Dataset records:
◆ ◆ ◆ ◆ ◆

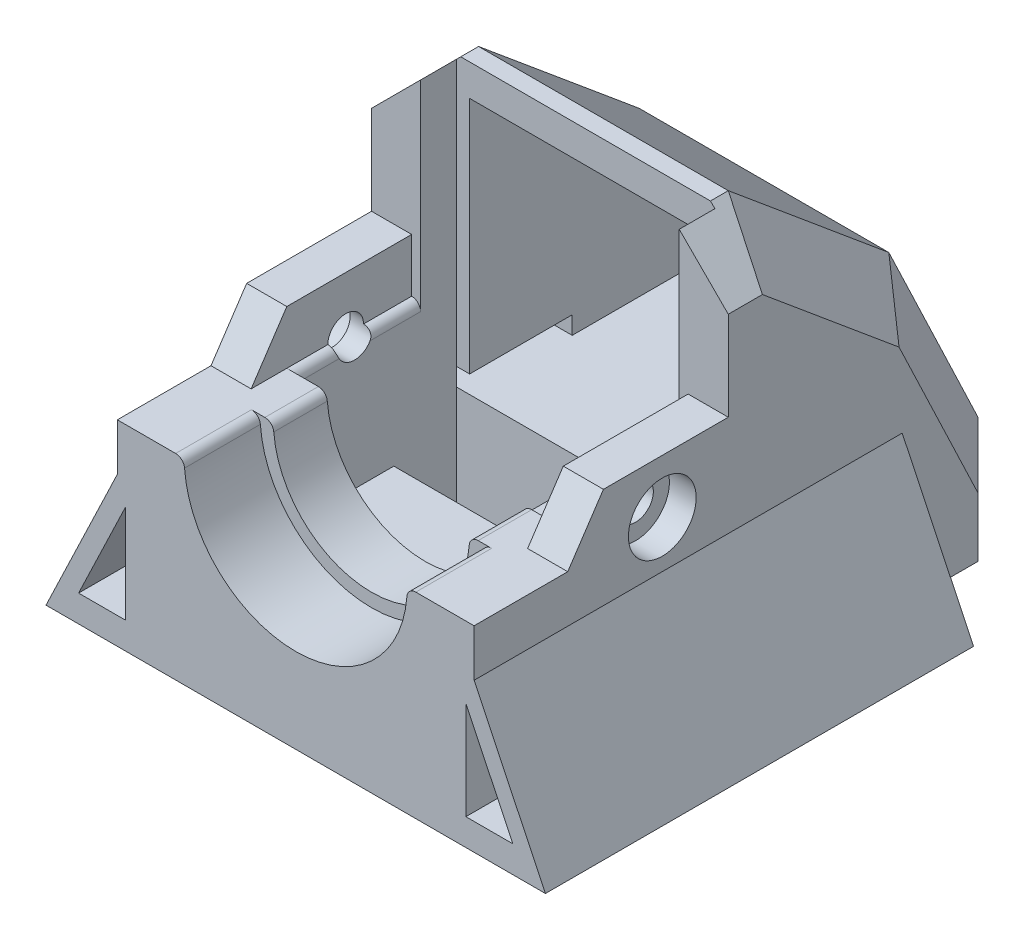
SolidWorks part; units mm, degrees
ref_plane "Ebene vorne" through (0, 0, 0) normal (0, 0, 1) x (1, 0, 0)
ref_plane "Ebene oben" through (0, 0, 0) normal (0, 1, 0) x (1, 0, 0)
ref_plane "Ebene rechts" through (0, 0, 0) normal (1, 0, 0) x (0, 0, -1)
sketch "Skizze1" plane through (0, 0, 0) normal (0, 0, 1) x (1, 0, 0)
  line L1 (0, 0) -> (20, 0)
  line L2 (0, 0) -> (0, 22)
  line L3 (0, 22) -> (20, 22)
  line L4 (20, 0) -> (20, 22)
  dimension "D1" = 22
  dimension "D2" = 20
extrude "Aufsatz-Linear austragen1" add sketch "Skizze1" along normal blind 35
sketch "Skizze2" plane through (0, 0, 35) normal (0, 0, 1) x (1, 0, 0)
  line L0 (0, 22) -> (0, 0) construction
  line L1 (20, 22) -> (0, 22) construction
  circle A0 centre (10, 11) radius 5.5
  dimension "D3" = 11
  dimension "D1" = 10
  dimension "D2" = 11
extrude "Schnitt-Linear austragen1" cut sketch "Skizze2" against normal blind 11
sketch "Skizze3" plane through (0, 0, 35) normal (0, 0, 1) x (1, 0, 0)
  line L0 (20, 0) -> (20, 22) construction
  line L1 (20, 22) -> (0, 22) construction
  circle A0 centre (10, 11) radius 6.25
  dimension "D1" = 10
  dimension "D2" = 11
extrude "Schnitt-Linear austragen2" cut sketch "Skizze3" against normal blind 8
sketch "Skizze5" plane through (0, 0, 24) normal (0, 0, 1) x (1, 0, 0)
  line L0 (0, 22) -> (0, 0) construction
  line L1 (2.75, 3.75) -> (17.25, 3.75)
  line L2 (2.75, 3.75) -> (2.75, 22)
  line L3 (2.75, 22) -> (17.25, 22)
  line L4 (17.25, 3.75) -> (17.25, 22)
  line L6 (0, 0) -> (20, 0) construction
  dimension "D1" = 18.25
  dimension "D2" = 14.5
  dimension "D3" = 2.75
  dimension "D4" = 3.75
extrude "Schnitt-Linear austragen3" cut sketch "Skizze5" against normal blind 9
sketch "Skizze13" plane through (0, 0, 35) normal (0, 0, 1) x (1, 0, 0)
  line L0 (20, 0) -> (20, 22) construction
  line L1 (0, 22) -> (20, 22)
  line L2 (0, 22) -> (0, 11)
  line L3 (0, 11) -> (20, 11)
  line L4 (20, 22) -> (20, 11)
extrude "Schnitt-Linear austragen6" cut sketch "Skizze13" against normal blind 18
sketch "Skizze16" plane through (0, 0, 0) normal (-1, 0, 0) x (0, 0, 1)
  line L0 (14, 22) -> (5, 14.5)
  line L1 (17, 22) -> (0, 22) construction
  line L2 (5, 14.5) -> (0, 4)
  line L3 (0, 22) -> (0, 0) construction
  line L4 (0, 4) -> (0, 22)
  line L5 (0, 22) -> (14, 22)
  line L6 (17, 22) -> (17, 11) construction
  dimension "D1" = 3
  dimension "D2" = 5
  dimension "D3" = 18
  dimension "D4" = 10.5
extrude "Schnitt-Linear austragen7" cut sketch "Skizze16" against normal through all
fillet "Verrundung1" radius 0.5 6 edges at (16.25, 11, 31) (3.75, 11, 31) (4.5, 11, 25.5) (15.5, 11, 25.5) (17.25, 11, 20.5) (2.75, 11, 20.5)
chamfer "Fase1" distance 3 angle 45 2 edges at (20, 22, 15.5) (0, 22, 15.5)
chamfer "Fase2" distance 3 angle 45 2 edges at (0, 16.75, 7.7) (20, 16.75, 7.7)
chamfer "Fase3" distance 3 angle 45 4 edges at (20, 6.0129, 0.9585) (20, 2, 0) (0, 6.0129, 0.9585) (0, 2, 0)
chamfer "Fase4" distance 1.5 angle 45 2 edges at (20, 11, 26) (0, 11, 26)
sketch "Skizze17" plane through (0, 3.75, 0) normal (0, 1, 0) x (1, 0, 0)
  line L1 (2.75, -15) -> (8.75, -15)
  line L2 (2.75, -15) -> (2.75, -18.5)
  line L3 (2.75, -18.5) -> (8.75, -18.5)
  line L4 (8.75, -15) -> (8.75, -18.5)
  dimension "D1" = 6
  dimension "D2" = 3.5
extrude "Schnitt-Linear austragen8" cut sketch "Skizze17" against normal through all
sketch "Skizze18" plane through (0, 0, 0) normal (-1, 0, 0) x (0, 0, 1)
  line L0 (17, 11) -> (35, 11) construction
  line L1 (35, 0) -> (31.25, 0)
  line L2 (35, 0) -> (35, 11)
  line L3 (35, 11) -> (31.25, 11)
  line L4 (31.25, 0) -> (31.25, 11)
  dimension "D1" = 3.75
extrude "Schnitt-Linear austragen9" cut sketch "Skizze18" against normal up to surface (20 mm away) up to face at (20, 9.1173, 16.564)
ref_plane "Ebene1" through (10, 0, 0) normal (-1, 0, 0) x (0, 0, 1)
sketch "Skizze22" plane through (10, 0, 0) normal (-1, 0, 0) x (0, 0, 1)
  line L0 (15, 20.2299) -> (6.6172, 13.2443)
  line L1 (15, 3.75) -> (15, 21.75) construction
  line L2 (7.4258, 12.6164) -> (5, 14.5) construction
  line L3 (6.6172, 13.2443) -> (5.76, 11.8961)
  line L4 (5.76, 11.8961) -> (3.76, 11.8961)
  line L5 (5, 14.5) -> (0, 4) construction
  line L6 (3.76, 11.8961) -> (0.8806, 5.8493)
  line L7 (0.8806, 5.8493) -> (6.0352, 5.8493)
  line L8 (6.0352, 5.8493) -> (15, 5.8493)
  line L9 (15, 5.8493) -> (15, 20.2299)
  line L10 (14, 22) -> (5, 14.5) construction
  dimension "D1" = 2
  dimension "D2" = 2
extrude "Schnitt-Linear austragen10" cut sketch "Skizze22" against normal blind 6.5 and the other way blind 6.5
sketch "Skizze23" plane through (0, 0, 31.25) normal (0, 0, 1) x (1, 0, 0)
  line L0 (0, 8.353) -> (-4, 0)
  line L1 (-4, 0) -> (0, 0)
  line L2 (0, 0) -> (0, 8.353)
  point P3 (0, 8.353)
  dimension "D1" = 4
extrude "Aufsatz-Linear austragen2" add sketch "Skizze23" against normal blind 24
mirror "Spiegeln1" about plane through (10, 0, 0) normal (-1, 0, 0) of "Aufsatz-Linear austragen2"
sketch "Skizze24" plane through (0, 0, 31.25) normal (0, 0, 1) x (1, 0, 0)
  line L0 (0.4608, 1.5) -> (-2.173, 1.5)
  line L1 (-2.173, 1.5) -> (0.4608, 7)
  line L2 (0.4608, 7) -> (0.4608, 1.5)
  line L3 (0, 8.353) -> (-4, 0) construction
  line L4 (24, 0) -> (-4, 0) construction
  dimension "D1" = 1
  dimension "D2" = 1.5
  dimension "D3" = 5.5
extrude "Schnitt-Linear austragen11" cut sketch "Skizze24" against normal blind 22
sketch "Skizze26" plane through (16.5, 0, 0) normal (-1, 0, 0) x (0, 0, 1)
  line L1 (15, 5.8493) -> (9.25, 5.8493)
  line L2 (15, 5.8493) -> (15, 6.8493)
  line L3 (15, 6.8493) -> (9.25, 6.8493)
  line L4 (9.25, 5.8493) -> (9.25, 6.8493)
  dimension "D1" = 5.75
  dimension "D2" = 1
extrude "Schnitt-Linear austragen12" cut sketch "Skizze26" against normal blind 4
mirror "Spiegeln2" about plane through (10, 0, 0) normal (-1, 0, 0) of "Schnitt-Linear austragen12"
mirror "Spiegeln3" about plane through (10, 0, 0) normal (-1, 0, 0) of "Schnitt-Linear austragen11"
sketch "Skizze27" plane through (0, 0, 17) normal (0, 0, 1) x (1, 0, 0)
  line L0 (0, 9.5) -> (1.5, 11)
  line L1 (1.5, 11) -> (0, 11)
  line L2 (0, 19) -> (0, 9.5) construction
  line L3 (0, 11) -> (0, 9.5)
extrude "Aufsatz-Linear austragen3" add sketch "Skizze27" along normal up to surface (14.25 mm away) up to face at (10, 7.9324, 31.25)
mirror "Spiegeln4" about plane through (10, 0, 0) normal (-1, 0, 0) of "Aufsatz-Linear austragen3"
sketch "Skizze28" plane through (0, 0, 17) normal (0, 0, 1) x (1, 0, 0)
  line L5 (0, 19) -> (0, 11) construction
  line L6 (2.25, 11) -> (0, 11)
  line L7 (2.25, 11) -> (2.25, 14)
  line L8 (2.25, 14) -> (0, 14)
  line L9 (0, 11) -> (0, 14)
  dimension "D1" = 3
extrude "Aufsatz-Linear austragen4" add sketch "Skizze28" along normal up to surface (7 mm away) up to face at (10, 8.8943, 24)
sketch "Skizze31" plane through (0, 0, 0) normal (-1, 0, 0) x (0, 0, 1)
  line L0 (24, 14) -> (26, 11)
  line L1 (31.25, 11) -> (24, 11) construction
  line L2 (26, 11) -> (24, 11)
  line L3 (24, 11) -> (24, 14)
  dimension "D1" = 2
extrude "Aufsatz-Linear austragen6" add sketch "Skizze31" against normal up to surface (2.25 mm away) up to face at (2.25, 12.5, 20.5)
sketch "Skizze32" plane through (0, 0, 0) normal (-1, 0, 0) x (0, 0, 1)
  line L2 (31.25, 11) -> (26, 11) construction
  circle A0 centre (20.7, 11) radius 1
  point P2 (0, 0)
  dimension "D1" = 2
  dimension "D2" = 3.3
extrude "Schnitt-Linear austragen13" cut sketch "Skizze32" against normal up to surface (2.75 mm away) up to face at (2.75, 8.4699, 17.9)
sketch "Skizze33" plane through (10, 0, 0) normal (-1, 0, 0) x (0, 0, 1)
  circle A0 centre (20.7, 11) radius 1.9
  dimension "D1" = 3.8
extrude "Schnitt-Linear austragen14" cut sketch "Skizze33" against normal blind 1.5 from surface starting at face at (0, 11, 21.7)
mirror "Spiegeln6" about plane through (10, 0, 0) normal (-1, 0, 0) of "Aufsatz-Linear austragen6", "Aufsatz-Linear austragen4"
mirror "Spiegeln8" about plane through (10, 0, 0) normal (-1, 0, 0) of "Schnitt-Linear austragen13"
sketch "Skizze34" plane through (20, 0, 0) normal (1, 0, 0) x (0, 0, -1)
  circle A0 centre (-20.7, 11) radius 1.9
  dimension "D1" = 3.8
extrude "Schnitt-Linear austragen15" cut sketch "Skizze34" against normal blind 1.5

◆ ◆ ◆ ◆ ◆

The problem
All lines above from the line with "normal blind 22" through the line with "line L3 (0, 11) -> (0, 9.5)", both included, are to be set down exactly, with nothing else.

Exercise output
extrude "Schnitt-Linear austragen11" cut sketch "Skizze24" against normal blind 22
sketch "Skizze26" plane through (16.5, 0, 0) normal (-1, 0, 0) x (0, 0, 1)
  line L1 (15, 5.8493) -> (9.25, 5.8493)
  line L2 (15, 5.8493) -> (15, 6.8493)
  line L3 (15, 6.8493) -> (9.25, 6.8493)
  line L4 (9.25, 5.8493) -> (9.25, 6.8493)
  dimension "D1" = 5.75
  dimension "D2" = 1
extrude "Schnitt-Linear austragen12" cut sketch "Skizze26" against normal blind 4
mirror "Spiegeln2" about plane through (10, 0, 0) normal (-1, 0, 0) of "Schnitt-Linear austragen12"
mirror "Spiegeln3" about plane through (10, 0, 0) normal (-1, 0, 0) of "Schnitt-Linear austragen11"
sketch "Skizze27" plane through (0, 0, 17) normal (0, 0, 1) x (1, 0, 0)
  line L0 (0, 9.5) -> (1.5, 11)
  line L1 (1.5, 11) -> (0, 11)
  line L2 (0, 19) -> (0, 9.5) construction
  line L3 (0, 11) -> (0, 9.5)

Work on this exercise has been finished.